The repository contains data and script to analyze the ACM Conference MobileHCI.
The different scripts should be run subsequently, starting with the lowest number to reproduce the information. Step_10_Get-Proceedings.ipynb
can be skipped as the data is already included in the repository. This step can take multiple days, and the raw data from the ACM DL needs to be crawled without risking IP blocking.
All country names are according to ISO 3166 using the list of github.comlukes/ISO-3166-Countries-with-Regional-Codes regions are according to UN MP49. However, ACM does not always use the Official names; thus, to map ACM names to the Alpha-3 country code, we can use uitls/mapCountryNamesACM.csv
to clean the data coming from ACM.
Affiliation names are commonly associated with the https://www.wikidata.org/ entry. Affiliation names are typically in line with their English names. If they are different, then the affiliation has a different official name. uitls/mapAffiliationDefault.csv
provides the link map between the affiliation, Wikimedia entry, and the default county.

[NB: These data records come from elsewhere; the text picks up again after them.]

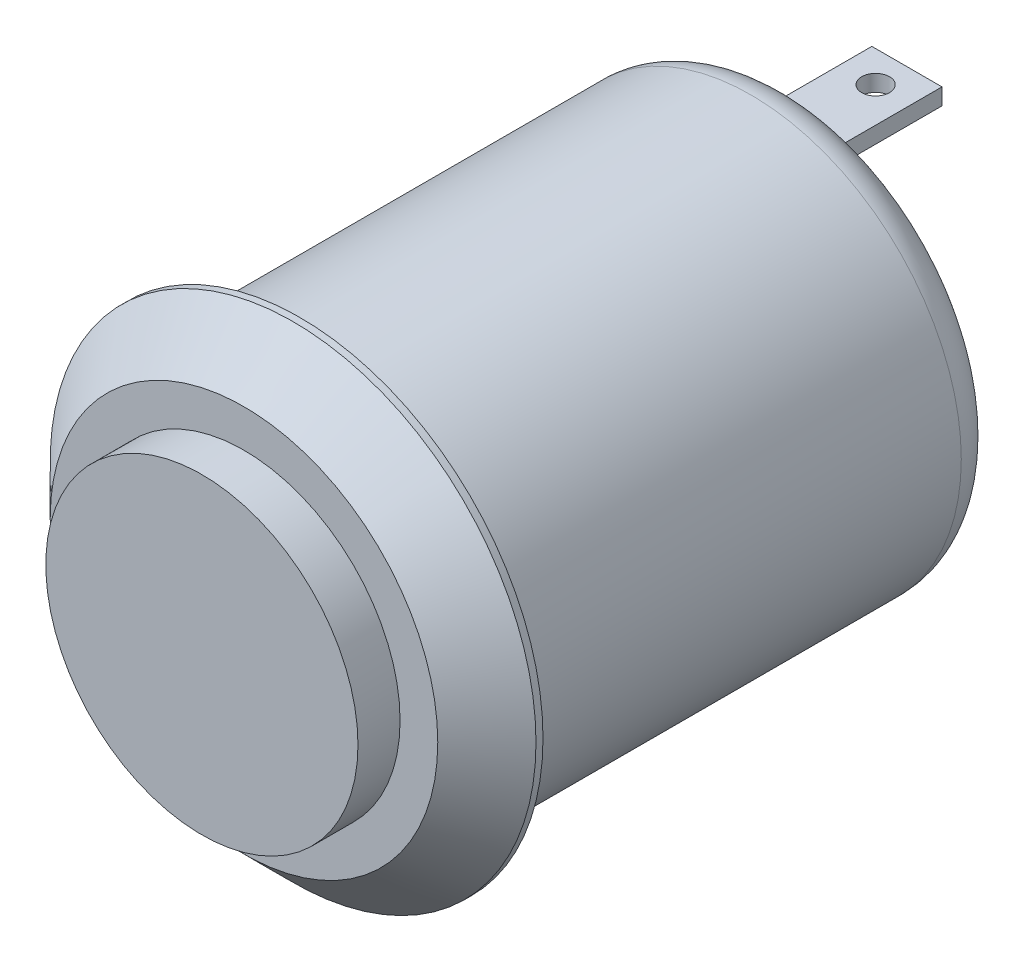
ISO-10303-21;
HEADER;
FILE_DESCRIPTION(('STEP AP214'),'2;1');
FILE_NAME('part.step','',(''),(''),'','','');
FILE_SCHEMA(('AUTOMOTIVE_DESIGN { 1 0 10303 214 1 1 1 1 }'));
ENDSEC;
DATA;
#1=APPLICATION_CONTEXT('core data for automotive mechanical design processes');
#2=APPLICATION_PROTOCOL_DEFINITION('international standard','automotive_design',2000,#1);
#3=PRODUCT_CONTEXT('',#1,'mechanical');
#4=PRODUCT('Part','Part','',(#3));
#5=PRODUCT_RELATED_PRODUCT_CATEGORY('part','',(#4));
#6=PRODUCT_DEFINITION_FORMATION('','',#4);
#7=PRODUCT_DEFINITION_CONTEXT('part definition',#1,'design');
#8=PRODUCT_DEFINITION('design','',#6,#7);
#9=PRODUCT_DEFINITION_SHAPE('','',#8);
#10=(LENGTH_UNIT() NAMED_UNIT(*) SI_UNIT(.MILLI.,.METRE.));
#11=(NAMED_UNIT(*) PLANE_ANGLE_UNIT() SI_UNIT($,.RADIAN.));
#12=(NAMED_UNIT(*) SI_UNIT($,.STERADIAN.) SOLID_ANGLE_UNIT());
#13=UNCERTAINTY_MEASURE_WITH_UNIT(LENGTH_MEASURE(1.E-05),#10,'distance_accuracy_value','');
#14=(GEOMETRIC_REPRESENTATION_CONTEXT(3) GLOBAL_UNCERTAINTY_ASSIGNED_CONTEXT((#13)) GLOBAL_UNIT_ASSIGNED_CONTEXT((#10,
#11,#12)) REPRESENTATION_CONTEXT('',''));
#15=CARTESIAN_POINT('',(0.,0.,0.));
#16=DIRECTION('',(0.,0.,1.));
#17=DIRECTION('',(1.,0.,0.));
#18=AXIS2_PLACEMENT_3D('',#15,#16,#17);
#19=CARTESIAN_POINT('',(0.,0.,-14.));
#20=DIRECTION('',(0.,0.,1.));
#21=DIRECTION('',(1.,0.,0.));
#22=AXIS2_PLACEMENT_3D('',#19,#20,#21);
#23=PLANE('',#22);
#24=DIRECTION('',(0.,1.,0.));
#25=VECTOR('',#24,1.);
#26=CARTESIAN_POINT('',(-1.,4.,-14.));
#27=LINE('',#26,#25);
#28=CARTESIAN_POINT('',(-1.,4.,-14.));
#29=VERTEX_POINT('',#28);
#30=CARTESIAN_POINT('',(-1.,4.47,-14.));
#31=VERTEX_POINT('',#30);
#32=EDGE_CURVE('E122',#29,#31,#27,.T.);
#33=ORIENTED_EDGE('',*,*,#32,.F.);
#34=DIRECTION('',(-1.,0.,0.));
#35=VECTOR('',#34,1.);
#36=CARTESIAN_POINT('',(1.,4.,-14.));
#37=LINE('',#36,#35);
#38=CARTESIAN_POINT('',(1.,4.,-14.));
#39=VERTEX_POINT('',#38);
#40=EDGE_CURVE('E135',#39,#29,#37,.T.);
#41=ORIENTED_EDGE('',*,*,#40,.F.);
#42=DIRECTION('',(0.,-1.,0.));
#43=VECTOR('',#42,1.);
#44=CARTESIAN_POINT('',(1.,4.,-14.));
#45=LINE('',#44,#43);
#46=CARTESIAN_POINT('',(1.,4.47,-14.));
#47=VERTEX_POINT('',#46);
#48=EDGE_CURVE('E144',#47,#39,#45,.T.);
#49=ORIENTED_EDGE('',*,*,#48,.F.);
#50=DIRECTION('',(1.,0.,0.));
#51=VECTOR('',#50,1.);
#52=CARTESIAN_POINT('',(1.,4.47,-14.));
#53=LINE('',#52,#51);
#54=EDGE_CURVE('E125',#31,#47,#53,.T.);
#55=ORIENTED_EDGE('',*,*,#54,.F.);
#56=EDGE_LOOP('',(#33,#41,#49,#55));
#57=FACE_BOUND('',#56,.T.);
#58=CARTESIAN_POINT('',(0.,0.,-14.));
#59=DIRECTION('',(0.,0.,1.));
#60=DIRECTION('',(1.,0.,0.));
#61=AXIS2_PLACEMENT_3D('',#58,#59,#60);
#62=CIRCLE('',#61,4.85);
#63=CARTESIAN_POINT('',(4.85,0.,-14.));
#64=VERTEX_POINT('',#63);
#65=EDGE_CURVE('E11',#64,#64,#62,.F.);
#66=ORIENTED_EDGE('',*,*,#65,.T.);
#67=EDGE_LOOP('',(#66));
#68=FACE_BOUND('',#67,.T.);
#69=DIRECTION('',(0.,-1.,0.));
#70=VECTOR('',#69,1.);
#71=CARTESIAN_POINT('',(1.,-4.,-14.));
#72=LINE('',#71,#70);
#73=CARTESIAN_POINT('',(1.,-4.,-14.));
#74=VERTEX_POINT('',#73);
#75=CARTESIAN_POINT('',(1.,-4.47,-14.));
#76=VERTEX_POINT('',#75);
#77=EDGE_CURVE('E121',#74,#76,#72,.T.);
#78=ORIENTED_EDGE('',*,*,#77,.F.);
#79=DIRECTION('',(1.,0.,0.));
#80=VECTOR('',#79,1.);
#81=CARTESIAN_POINT('',(1.,-4.,-14.));
#82=LINE('',#81,#80);
#83=CARTESIAN_POINT('',(-1.,-4.,-14.));
#84=VERTEX_POINT('',#83);
#85=EDGE_CURVE('E118',#84,#74,#82,.T.);
#86=ORIENTED_EDGE('',*,*,#85,.F.);
#87=DIRECTION('',(0.,1.,0.));
#88=VECTOR('',#87,1.);
#89=CARTESIAN_POINT('',(-1.,-4.,-14.));
#90=LINE('',#89,#88);
#91=CARTESIAN_POINT('',(-1.,-4.47,-14.));
#92=VERTEX_POINT('',#91);
#93=EDGE_CURVE('E56',#92,#84,#90,.T.);
#94=ORIENTED_EDGE('',*,*,#93,.F.);
#95=DIRECTION('',(-1.,0.,0.));
#96=VECTOR('',#95,1.);
#97=CARTESIAN_POINT('',(1.,-4.47,-14.));
#98=LINE('',#97,#96);
#99=EDGE_CURVE('E51',#76,#92,#98,.T.);
#100=ORIENTED_EDGE('',*,*,#99,.F.);
#101=EDGE_LOOP('',(#78,#86,#94,#100));
#102=FACE_BOUND('',#101,.T.);
#103=ADVANCED_FACE('F35',(#57,#68,#102),#23,.F.);
#104=CARTESIAN_POINT('',(0.,0.,-14.));
#105=DIRECTION('',(0.,0.,1.));
#106=DIRECTION('',(1.,0.,0.));
#107=AXIS2_PLACEMENT_3D('',#104,#105,#106);
#108=CYLINDRICAL_SURFACE('',#107,6.);
#109=CARTESIAN_POINT('',(0.,0.,-12.85));
#110=DIRECTION('',(0.,0.,1.));
#111=DIRECTION('',(1.,0.,0.));
#112=AXIS2_PLACEMENT_3D('',#109,#110,#111);
#113=CIRCLE('',#112,6.);
#114=CARTESIAN_POINT('',(6.,0.,-12.85));
#115=VERTEX_POINT('',#114);
#116=EDGE_CURVE('E44',#115,#115,#113,.T.);
#117=ORIENTED_EDGE('',*,*,#116,.T.);
#118=EDGE_LOOP('',(#117));
#119=FACE_BOUND('',#118,.T.);
#120=CARTESIAN_POINT('',(0.,0.,0.));
#121=DIRECTION('',(0.,0.,1.));
#122=DIRECTION('',(1.,0.,0.));
#123=AXIS2_PLACEMENT_3D('',#120,#121,#122);
#124=CIRCLE('',#123,6.);
#125=CARTESIAN_POINT('',(6.,0.,0.));
#126=VERTEX_POINT('',#125);
#127=EDGE_CURVE('E170',#126,#126,#124,.T.);
#128=ORIENTED_EDGE('',*,*,#127,.F.);
#129=EDGE_LOOP('',(#128));
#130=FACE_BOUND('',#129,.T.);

For the map draing we use the data as defined by github.com/nvkelso/natural-earth-vector
Since various affiliations have multiple names, one big clearning task is to consolidate them all. All current fixes are stored in uitls/mapAffiliation.csv
. If one is missing, they can be simply added to the uitls/mapAffiliation.csv
file.
The folder data
holds general information about the conferences, e.g. the locations, acceptance rates.